# How much food is enough?



## jimc2000 (Jul 20, 2009)

I've ended up being the de facto caretaker of a flock of feral pigeons in downtown Tucson Arizona. When feeding time comes around, I usually end up with about 70 or more pigeons in the chow line (when I started there were only 25 or 30). Sometimes as many as 100 or more show up. I've been buying 20 pound bags of generic wild bird seed and I usually go through a bag in 5 or 6 days. Is that enough food for that many birds? Or is it too much? Any other advice on the care and feeding of such a large flock would be welcome. Also, am I getting myself into trouble here, where I'm going to have 100 birds this year, 1,000 next year, 10,000 the year after that etc...


----------



## plumvalley (Nov 12, 2009)

Nice of you to feed them. What you're feeding them is good, remember they are wild and will find more food if they need it. No law against feeding the pigeons in town? We can't feed them downtown but my daughter said when she leaves the YMCA she buys a bag of popcorn and accidently drops it on the sidewalk. ha ha 
Wait till they all follow you home......lol


----------



## spirit wings (Mar 29, 2008)

jimc2000 said:


> I've ended up being the de facto caretaker of a flock of feral pigeons in downtown Tucson Arizona. When feeding time comes around, I usually end up with about 70 or more pigeons in the chow line (when I started there were only 25 or 30). Sometimes as many as 100 or more show up. I've been buying 20 pound bags of generic wild bird seed and I usually go through a bag in 5 or 6 days. Is that enough food for that many birds? Or is it too much? Any other advice on the care and feeding of such a large flock would be welcome. Also, am I getting myself into trouble here, where I'm going to have 100 birds this year, 1,000 next year, 10,000 the year after that etc...

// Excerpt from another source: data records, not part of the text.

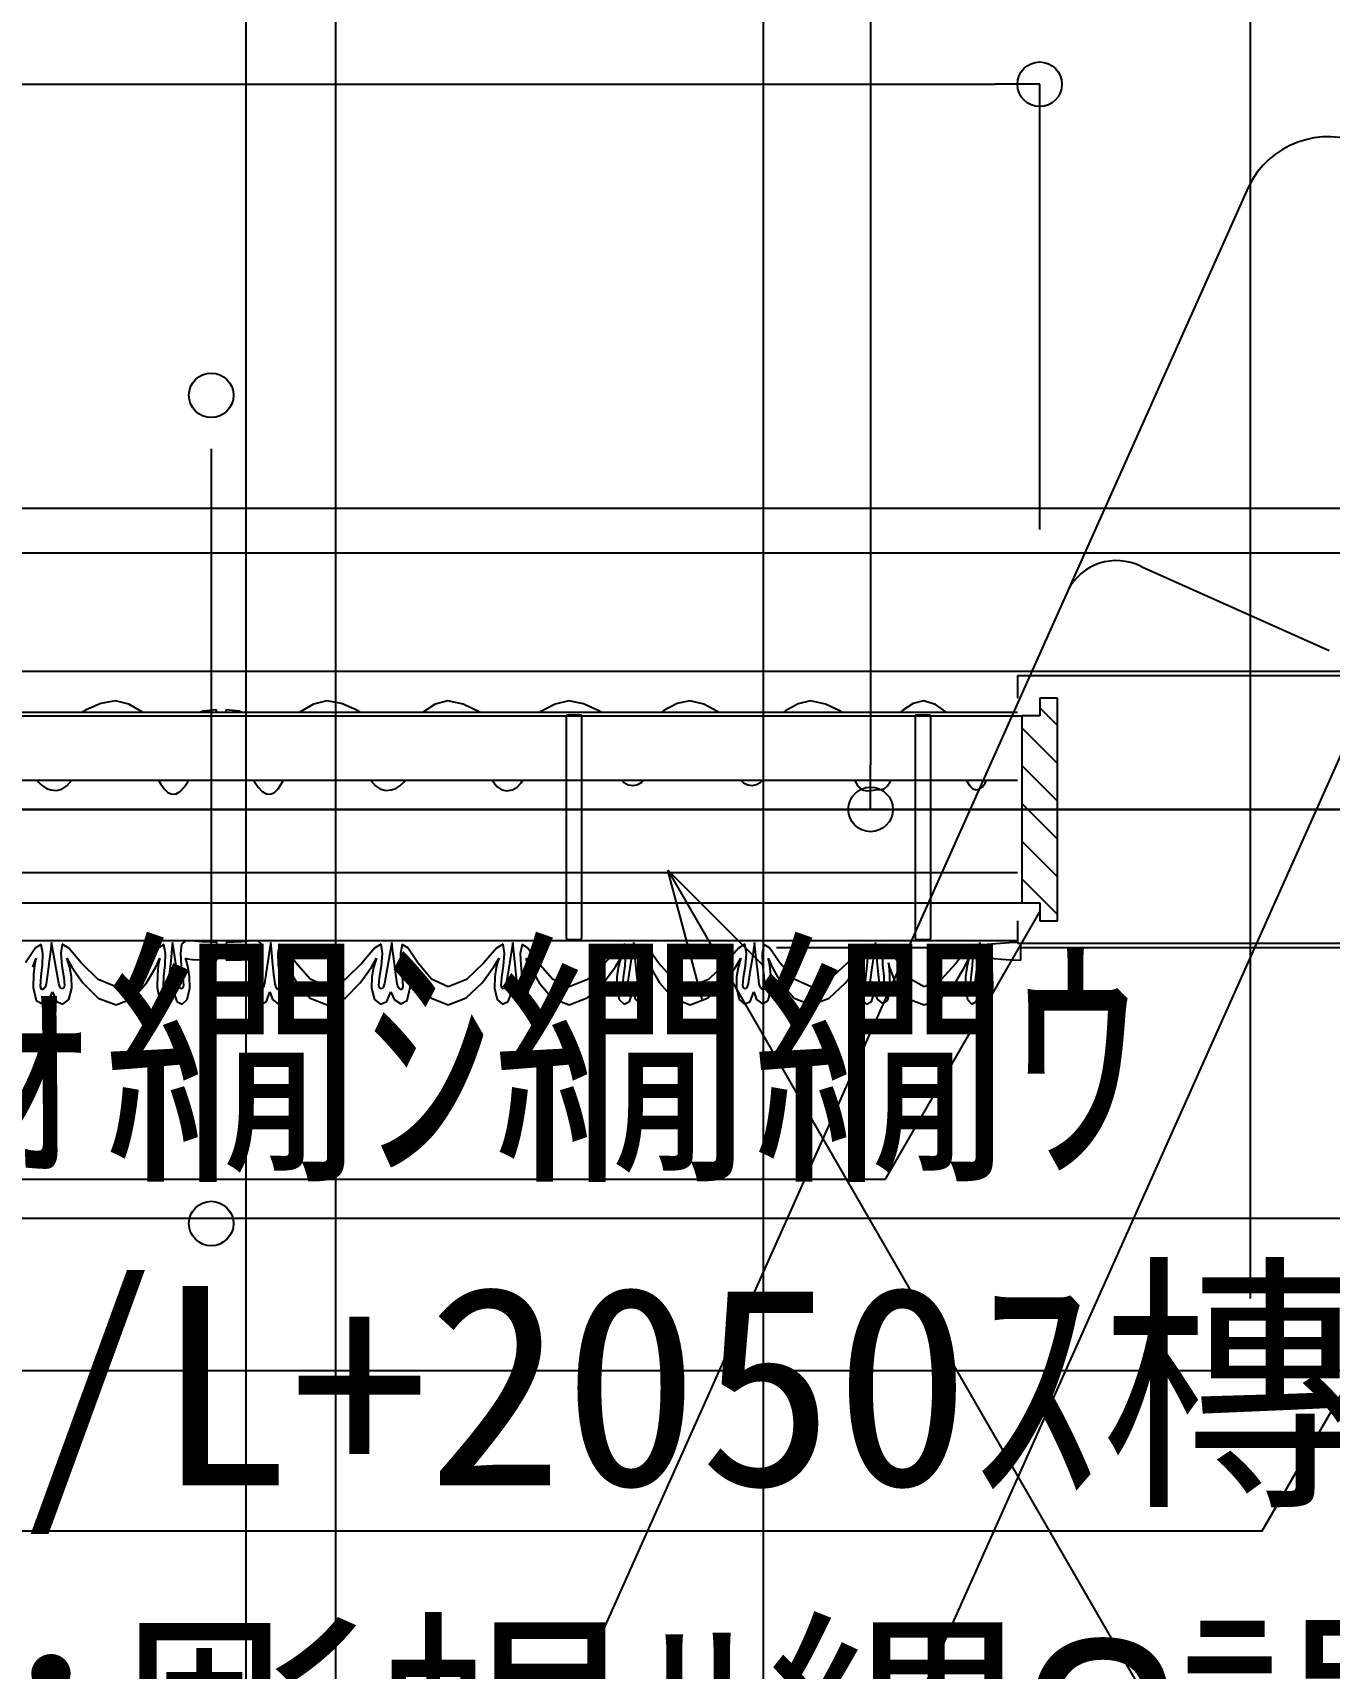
# Model space of a CAD drawing. Header units: metres. Extents: x 10908 to 27249, y 7268 to 22901.
# Drawn here: x 18245 to 18972, y 15073 to 15991 of the extents above; entities that cross this region are included whole.
import ezdxf

# ---------------------------------------------------------------- set-up
doc = ezdxf.new("R2010")
doc.units = ezdxf.units.M

msp = doc.modelspace()

# ---------------------------------------------------------------- linework, layer by layer
at = {"layer": '繝繝ｼ繧ｿ 001_1F'}
for p, q in [((18928.06, 15280.47), (18928.06, 16466.23)), ((18714.79, 16230), (18714.79, 15580)), ((17924.7, 15962.15), (18784.7, 15962.15)), ((18809.7, 15962.15), (18784.7, 15962.15)), ((18809.7, 15712.15), (18809.7, 15962.15)), ((18809.7, 15962.15), (18809.7, 15962.15)), ((16859.7, 15724.09), (19193.06, 15724.09)), ((18809.7, 15712.15), (18809.7, 15712.15)), ((18714.79, 15555), (18714.79, 15580)), ((26390, 15555), (11602.5, 15555)), ((18964.79, 15555), (18714.79, 15555)), ((18714.79, 15555), (18714.79, 15555)), ((18934.62, 15150), (19165.56, 15550)), ((18964.79, 15555), (18964.79, 15555)), ((18620.34, 15448.49), (18600.92, 15520.93)), ((18600.92, 15520.93), (18653.96, 15467.9)), ((18600.92, 15520.93), (18906.95, 14990.89)), ((18723.11, 15347.5), (18809.71, 15497.5)), ((17986.31, 15347.5), (18723.11, 15347.5)), ((17118.14, 15150), (18934.62, 15150))]:
    msp.add_line(p, q, dxfattribs=at)
for centre in [(18809.7, 15962.15), (18714.79, 15555)]:
    msp.add_circle(centre, 12.5, dxfattribs=at)
at = {"layer": '繧ｫ繧ｿ繝ｭ繧ｰ驛ｨ蜩(螳､蜀陬鬟ｾ)_1F'}
for p, q in [((18274.58, 15610.88), (18272.15, 15609.35)), ((18282.83, 15614.4), (18274.58, 15610.88)), ((18291.03, 15615.98), (18282.83, 15614.4)), ((18298.49, 15614.06), (18291.03, 15615.98)), ((18306.61, 15609.35), (18298.49, 15614.06)), ((18347.7, 15610.98), (18340.14, 15610.18)), ((18347.7, 15609.35), (18347.7, 15610.98)), ((18352.92, 15610.98), (18352.92, 15609.35)), ((18360.48, 15610.18), (18352.92, 15610.98)), ((18402.12, 15614.06), (18394.01, 15609.35)), ((18409.58, 15615.98), (18402.12, 15614.06)), ((18417.79, 15614.4), (18409.58, 15615.98)), ((18426.04, 15610.88), (18417.79, 15614.4)), ((18428.47, 15609.35), (18426.04, 15610.88)), ((18470.44, 15614.03), (18463.29, 15609.35)), ((18477.47, 15615.98), (18470.44, 15614.03)), ((18486.12, 15614.02), (18477.47, 15615.98)), ((18495.84, 15609.35), (18486.12, 15614.02)), ((18537.79, 15614.15), (18529.41, 15609.71)), ((18545.37, 15615.98), (18537.79, 15614.15)), ((18553.68, 15614.22), (18545.37, 15615.98)), ((18562.19, 15610.39), (18553.68, 15614.22)), ((18606.16, 15614.4), (18598.85, 15610.57)), ((18613.26, 15615.98), (18606.16, 15614.4)), ((18621.22, 15614.09), (18613.26, 15615.98)), ((18628.93, 15609.97), (18621.22, 15614.09)), ((18674.15, 15614.33), (18667.05, 15610.3)), ((18681.15, 15615.98), (18674.15, 15614.33)), ((18689.42, 15614.18), (18681.15, 15615.98)), ((18697.82, 15610.18), (18689.42, 15614.18)), ((18732.96, 15610.82), (18731.31, 15609.35)), ((18738.76, 15614.48), (18732.96, 15610.82)), ((18744.51, 15615.98), (18738.76, 15614.48)), ((18751.21, 15613.82), (18744.51, 15615.98)), ((18757.64, 15609.35), (18751.21, 15613.82)), ((18797.21, 15609.35), (17901.45, 15609.35)), ((18340.14, 15610.18), (18338.5, 15609.35)), ((18362.11, 15609.35), (18360.48, 15610.18)), ((18529.41, 15609.71), (18528.91, 15609.35)), ((18544.01, 15607.47), (18543.97, 15607.15)), ((18543.97, 15607.15), (18543.97, 15482.96)), ((18544.1, 15607.74), (18544.01, 15607.47)), ((18544.24, 15607.92), (18544.1, 15607.74)), ((18544.4, 15607.98), (18544.24, 15607.92)), ((18552.25, 15607.98), (18544.4, 15607.98)), ((18552.41, 15607.92), (18552.25, 15607.98)), ((18552.55, 15607.74), (18552.41, 15607.92)), ((18552.64, 15607.47), (18552.55, 15607.74)), ((18552.68, 15607.15), (18552.64, 15607.47)), ((18552.68, 15482.98), (18552.68, 15607.15)), ((18563.88, 15609.35), (18562.19, 15610.39)), ((18598.85, 15610.57), (18597.17, 15609.35)), ((18629.74, 15609.35), (18628.93, 15609.97)), ((18667.05, 15610.3), (18665.88, 15609.35)), ((18699.04, 15609.35), (18697.82, 15610.18)), ((18739.85, 15607.47), (18739.81, 15607.15)), ((18739.81, 15607.15), (18739.81, 15482.96)), ((18739.94, 15607.74), (18739.85, 15607.47)), ((18740.08, 15607.92), (18739.94, 15607.74)), ((18740.24, 15607.98), (18740.08, 15607.92)), ((18748.1, 15607.98), (18740.24, 15607.98)), ((18748.25, 15607.92), (18748.1, 15607.98)), ((18748.39, 15607.74), (18748.25, 15607.92)), ((18748.48, 15607.47), (18748.39, 15607.74)), ((18748.52, 15607.15), (18748.48, 15607.47)), ((18748.52, 15482.96), (18748.52, 15607.15)), ((17901.45, 15571.35), (18797.21, 15571.35)), ((18247.01, 15571.35), (18247.8, 15570.26)), ((18247.8, 15570.26), (18249.97, 15568.18)), ((18249.97, 15568.18), (18252.25, 15566.8)), ((18252.25, 15566.8), (18254.72, 15565.98)), ((18254.72, 15565.98), (18257.89, 15565.67)), ((18257.89, 15565.67), (18260.88, 15566.39)), ((18260.88, 15566.39), (18263.76, 15568.27)), ((18263.76, 15568.27), (18266.51, 15571.35)), ((18315.22, 15571.35), (18316.54, 15569.2)), ((18316.54, 15569.2), (18318.38, 15566.53)), ((18318.38, 15566.53), (18320.35, 15564.51)), ((18325.1, 15563.69), (18327.36, 15565.09)), ((18327.36, 15565.09), (18329.48, 15567.43)), ((18329.48, 15567.43), (18331.58, 15570.49)), ((18331.58, 15570.49), (18332.07, 15571.35)), ((18368.55, 15571.35), (18369.04, 15570.49)), ((18369.04, 15570.49), (18371.13, 15567.43)), ((18371.13, 15567.43), (18373.26, 15565.09)), ((18373.26, 15565.09), (18375.51, 15563.69)), ((18380.26, 15564.51), (18382.24, 15566.53)), ((18382.24, 15566.53), (18384.07, 15569.2)), ((18384.07, 15569.2), (18385.39, 15571.35)), ((18434.11, 15571.35), (18436.85, 15568.27)), ((18436.85, 15568.27), (18439.74, 15566.39)), ((18439.74, 15566.39), (18442.73, 15565.67)), ((18442.73, 15565.67), (18445.9, 15565.98)), ((18445.9, 15565.98), (18448.37, 15566.8)), ((18448.37, 15566.8), (18450.65, 15568.18)), ((18450.65, 15568.18), (18452.81, 15570.26)), ((18452.81, 15570.26), (18453.6, 15571.35)), ((18502.43, 15571.35), (18505.02, 15567.95)), ((18505.02, 15567.95), (18507.79, 15565.96)), ((18507.79, 15565.96), (18510.7, 15565.35)), ((18510.7, 15565.35), (18513.79, 15565.98)), ((18513.79, 15565.98), (18516.38, 15567.49)), ((18516.38, 15567.49), (18518.66, 15569.88)), ((18518.66, 15569.88), (18519.65, 15571.35)), ((18575, 15571.35), (18576.14, 15570.25)), ((18576.14, 15570.25), (18578.8, 15568.8)), ((18578.8, 15568.8), (18581.68, 15568.48)), ((18581.68, 15568.48), (18584.19, 15569.03)), ((18584.19, 15569.03), (18586.49, 15570.31)), ((18586.49, 15570.31), (18587.52, 15571.35)), ((18641.95, 15571.35), (18643.5, 15569.93)), ((18643.5, 15569.93), (18645.87, 15568.75)), ((18645.87, 15568.75), (18648.44, 15568.48)), ((18648.44, 15568.48), (18650.73, 15568.98)), ((18650.73, 15568.98), (18652.83, 15570.19)), ((18652.83, 15570.19), (18654.05, 15571.35)), ((18705.74, 15571.35), (18707.59, 15567.99)), ((18707.59, 15567.99), (18710.05, 15566.02)), ((18710.05, 15566.02), (18712.49, 15565.42)), ((18712.49, 15565.42), (18714.94, 15565.6)), ((18714.94, 15565.6), (18717.47, 15565.98)), ((18717.47, 15565.98), (18720.89, 15566.25)), ((18720.89, 15566.25), (18722.56, 15566.83)), ((18722.56, 15566.83), (18724.24, 15568.19)), ((18724.24, 15568.19), (18725.61, 15570.21)), ((18725.61, 15570.21), (18726.13, 15571.35)), ((18768.4, 15571.35), (18770.46, 15568.3)), ((18770.46, 15568.3), (18772.13, 15566.62)), ((18772.13, 15566.62), (18774.04, 15565.98)), ((18774.04, 15565.98), (18775.95, 15566.41)), ((18775.95, 15566.41), (18777.64, 15567.68)), ((18777.64, 15567.68), (18779.18, 15569.78)), ((18779.18, 15569.78), (18779.94, 15571.35)), ((18320.35, 15564.51), (18322.61, 15563.48)), ((18322.61, 15563.48), (18325.1, 15563.69)), ((18375.51, 15563.69), (18378.01, 15563.48)), ((18378.01, 15563.48), (18380.26, 15564.51)), ((18797.21, 15519.35), (17901.45, 15519.35)), ((18543.97, 15482.96), (18544.01, 15482.59)), ((18544.01, 15482.59), (18544.1, 15482.27)), ((18544.1, 15482.27), (18544.23, 15482.06)), ((18552.42, 15482.06), (18552.55, 15482.27)), ((18552.55, 15482.27), (18552.64, 15482.58)), ((18552.64, 15482.58), (18552.68, 15482.98)), ((18739.81, 15482.96), (18739.85, 15482.58)), ((18739.85, 15482.58), (18739.94, 15482.27)), ((18739.94, 15482.27), (18740.07, 15482.06)), ((18748.25, 15482.06), (18748.39, 15482.27)), ((18748.39, 15482.27), (18748.48, 15482.58)), ((18748.48, 15482.58), (18748.52, 15482.96)), ((17901.45, 15481.35), (18797.21, 15481.35)), ((18246.14, 15477.28), (18240.48, 15468.88)), ((18249.2, 15479.19), (18246.14, 15477.28)), ((18250.3, 15474.11), (18249.2, 15479.19)), ((18250.03, 15467.82), (18250.3, 15474.11)), ((18254.62, 15476.81), (18253.78, 15469.84)), ((18255.04, 15480.35), (18254.62, 15476.81)), ((18256.7, 15470.9), (18255.04, 15480.35)), ((18261.1, 15479.26), (18260.24, 15474.05)), ((18260.24, 15474.05), (18260.87, 15467.23)), ((18264.73, 15477.05), (18261.1, 15479.26)), ((18271.89, 15468.66), (18264.73, 15477.05)), ((18315.06, 15477.28), (18309.02, 15468.88)), ((18318.14, 15479.19), (18315.06, 15477.28)), ((18319.06, 15474.11), (18318.14, 15479.19)), ((18318.84, 15467.82), (18319.06, 15474.11)), ((18322.69, 15476.81), (18321.99, 15469.84)), ((18323.05, 15480.35), (18322.69, 15476.81)), ((18323.51, 15477.2), (18323.05, 15480.35)), ((18324.44, 15470.9), (18323.51, 15477.2)), ((18328.14, 15479.26), (18327.42, 15474.05)), ((18327.42, 15474.05), (18327.95, 15467.23)), ((18330.03, 15480.95), (18328.14, 15479.26)), ((18333.63, 15481.16), (18330.03, 15480.95)), ((18339.46, 15480.69), (18333.63, 15481.16)), ((18347.97, 15480.35), (18339.46, 15480.69)), ((18347.97, 15470.35), (18347.97, 15480.35)), ((18361.71, 15480.69), (18353.2, 15480.35)), ((18353.2, 15480.35), (18353.2, 15470.35)), ((18367.53, 15481.16), (18361.71, 15480.69)), ((18371.14, 15480.95), (18367.53, 15481.16)), ((18373.03, 15479.26), (18371.14, 15480.95)), ((18373.75, 15474.05), (18373.03, 15479.26)), ((18373.22, 15467.23), (18373.75, 15474.05)), ((18377.66, 15477.2), (18376.72, 15470.9)), ((18378.12, 15480.35), (18377.66, 15477.2)), ((18378.47, 15476.81), (18378.12, 15480.35)), ((18379.18, 15469.84), (18378.47, 15476.81)), ((18383.02, 15479.19), (18382.11, 15474.11)), ((18382.11, 15474.11), (18382.33, 15467.82)), ((18386.11, 15477.28), (18383.02, 15479.19)), ((18392.15, 15468.88), (18386.11, 15477.28)), ((18436.44, 15477.05), (18429.28, 15468.66)), ((18440.07, 15479.26), (18436.44, 15477.05)), ((18440.93, 15474.05), (18440.07, 15479.26)), ((18440.3, 15467.23), (18440.93, 15474.05)), ((18446.13, 15480.35), (18444.47, 15470.9)), ((18446.55, 15476.81), (18446.13, 15480.35)), ((18447.39, 15469.84), (18446.55, 15476.81)), ((18451.96, 15479.19), (18450.87, 15474.11)), ((18450.87, 15474.11), (18451.14, 15467.82)), ((18455.03, 15477.28), (18451.96, 15479.19)), ((18460.69, 15468.88), (18455.03, 15477.28)), ((18504.93, 15477.05), (18497.55, 15468.66)), ((18508.57, 15479.26), (18504.93, 15477.05)), ((18509.34, 15474.05), (18508.57, 15479.26)), ((18508.77, 15467.23), (18509.34, 15474.05)), ((18513.97, 15480.35), (18512.49, 15470.9)), ((18514.34, 15476.81), (18513.97, 15480.35)), ((18515.09, 15469.84), (18514.34, 15476.81)), ((18519.16, 15479.19), (18518.19, 15474.11)), ((18518.19, 15474.11), (18518.42, 15467.82)), ((18522.24, 15477.28), (18519.16, 15479.19)), ((18528.15, 15468.88), (18522.24, 15477.28)), ((18544.23, 15482.06), (18544.4, 15481.98)), ((18544.4, 15481.98), (18552.26, 15481.98)), ((18552.26, 15481.98), (18552.42, 15482.06)), ((18573.13, 15477.05), (18565.64, 15468.66)), ((18576.78, 15479.26), (18573.13, 15477.05)), ((18577.49, 15474.05), (18576.78, 15479.26)), ((18576.97, 15467.23), (18577.49, 15474.05)), ((18581.37, 15477.2), (18580.45, 15470.9)), ((18581.83, 15480.35), (18581.37, 15477.2)), ((18582.18, 15476.81), (18581.83, 15480.35)), ((18582.88, 15469.84), (18582.18, 15476.81)), ((18586.7, 15479.19), (18585.79, 15474.11)), ((18585.79, 15474.11), (18586.01, 15467.82)), ((18589.78, 15477.28), (18586.7, 15479.19)), ((18595.82, 15468.88), (18589.78, 15477.28)), ((18640.68, 15477.05), (18633.31, 15468.66)), ((18644.31, 15479.26), (18640.68, 15477.05)), ((18645.08, 15474.05), (18644.31, 15479.26)), ((18644.52, 15467.23), (18645.08, 15474.05)), ((18649.73, 15480.35), (18648.25, 15470.9)), ((18650.11, 15476.81), (18649.73, 15480.35)), ((18650.86, 15469.84), (18650.11, 15476.81)), ((18654.95, 15479.19), (18653.97, 15474.11)), ((18653.97, 15474.11), (18654.21, 15467.82)), ((18658.03, 15477.28), (18654.95, 15479.19)), ((18663.94, 15468.88), (18658.03, 15477.28)), ((18709.09, 15476.94), (18701.53, 15468.59)), ((18712.74, 15479.14), (18709.09, 15476.94)), ((18713.42, 15473.97), (18712.74, 15479.14)), ((18712.92, 15467.2), (18713.42, 15473.97)), ((18717.57, 15480.22), (18716.24, 15470.85)), ((18717.9, 15476.71), (18717.57, 15480.22)), ((18718.57, 15469.79), (18717.9, 15476.71)), ((18722.22, 15479.08), (18721.35, 15474.03)), ((18721.35, 15474.03), (18721.56, 15467.79)), ((18725.11, 15477.76), (18722.22, 15479.08)), ((18730.11, 15469.34), (18725.11, 15477.76)), ((18740.07, 15482.06), (18740.25, 15481.98)), ((18740.25, 15481.98), (18748.08, 15481.98)), ((18748.08, 15481.98), (18748.25, 15482.06)), ((18768.92, 15477.05), (18762.82, 15468.66)), ((18771.82, 15479.26), (18768.92, 15477.05)), ((18772.43, 15474.05), (18771.82, 15479.26)), ((18771.98, 15467.23), (18772.43, 15474.05)), ((18776.12, 15480.35), (18774.94, 15470.9)), ((18776.42, 15476.81), (18776.12, 15480.35)), ((18777.01, 15469.84), (18776.42, 15476.81)), ((18780.26, 15479.19), (18779.48, 15474.11)), ((18779.48, 15474.11), (18779.67, 15467.82)), ((18792.63, 15480.01), (18780.26, 15479.19)), ((18797.21, 15480.25), (18792.63, 15480.01)), ((18799.1, 15470.35), (18799.1, 15480)), ((18244.55, 15466.45), (18246.55, 15471.51)), ((18245.47, 15467.33), (18244.9, 15462.36)), ((18246.13, 15470.28), (18245.47, 15467.33)), ((18246.55, 15471.51), (18246.13, 15470.28)), ((18249.28, 15461.33), (18250.03, 15467.82)), ((18253.78, 15469.84), (18252.85, 15462.31)), ((18257.99, 15463.58), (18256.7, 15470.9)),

yes think of it as just supplimenting their natural diet, your not solely responsible for 100 pigeons, do what you can afford. Just an idea, purina pigeon checkers, is a pellet feed, for 50 lbs it cost 13 bucks. so perhaps you can add that in with your seed to save money, also it has the added benifit of vitamins/minerals and calcium which is important as most seed blends lack that.


----------



## jimc2000 (Jul 20, 2009)

plumvalley said:


> Wait till they all follow you home......lol


I feed them when I get into work shortly after dawn. A couple of weeks ago, I was running late and figured I'd take care of a couple of things at work first, and then go back out and feed them. When I went out to my car about an hour later, there were 40 or 50 pigeons sitting on and around my car! Then, when I took out the food bag and walked around to the back alley where I traditionally feed them, I had this trail of 30 or so pigeons waddling along behind me, with the rest of the crew providing close air support...


----------



## altgirl35 (Sep 5, 2008)

lol, i would love to see that! maybe a co worker can get a pic of pied piper pigeon conga line next time


----------



## StanelyPidge09 (May 22, 2009)

Haha that is a hilarious image!! That would be a priceless picture if you could get someone to take it!


----------



## FloridaLuv (Dec 19, 2008)

Ha ha! that's it ... Im trucking into Tucson to see that sometime JIM! LOL... that would make a hilarious Video! ...


----------



## kbk1942 (Dec 27, 2009)

Hi Loving People,
I have the same thing at my house, sometimes 50 plus birds flying around as I take pots full of Hen Scratch plus Black Oil Sun Flower seed mix out. I am currently caring for an injured Hawk attack Pigeon. Her chest is open just to the left of her breast bone. I clean it twice daily (since Friday) with an anti microbal tincture, saline wipes and then Neosporin ointment. Does she need stitches, is the thing. I love these birds and Quail etc. Thank You..Love, Kathleen Bertrand


----------



## Charis (Feb 11, 2007)

kbk1942 said:


> Hi Loving People,
> I have the same thing at my house, sometimes 50 plus birds flying around as I take pots full of Hen Scratch plus Black Oil Sun Flower seed mix out. I am currently caring for an injured Hawk attack Pigeon. Her chest is open just to the left of her breast bone. I clean it twice daily (since Friday) with an anti microbal tincture, saline wipes and then Neosporin ointment. Does she need stitches, is the thing. I love these birds and Quail etc. Thank You..Love, Kathleen Bertrand



Kathleen...A thread has been started just for your rescue.
Here's a link...


http://www.pigeons.biz/forums/f6/pigeon-with-open-chest-wound-santa-cruz-ca-42005.html


----------



## TAWhatley (Mar 6, 2001)

I agree that you need to consider your feeding as supplemental and not life sustaining for these birds. If you consider that most pigeon fanciers feed between 1 and 2 ounces of pigeon mix per day per bird (which is more nutritious than wild bird seed mix by about twice) .. then a daily feeding of about 6.5 pounds of wild bird seed mix for 100 ferals would be a very good supplemental feeding. That would be about 1 ounce per feral.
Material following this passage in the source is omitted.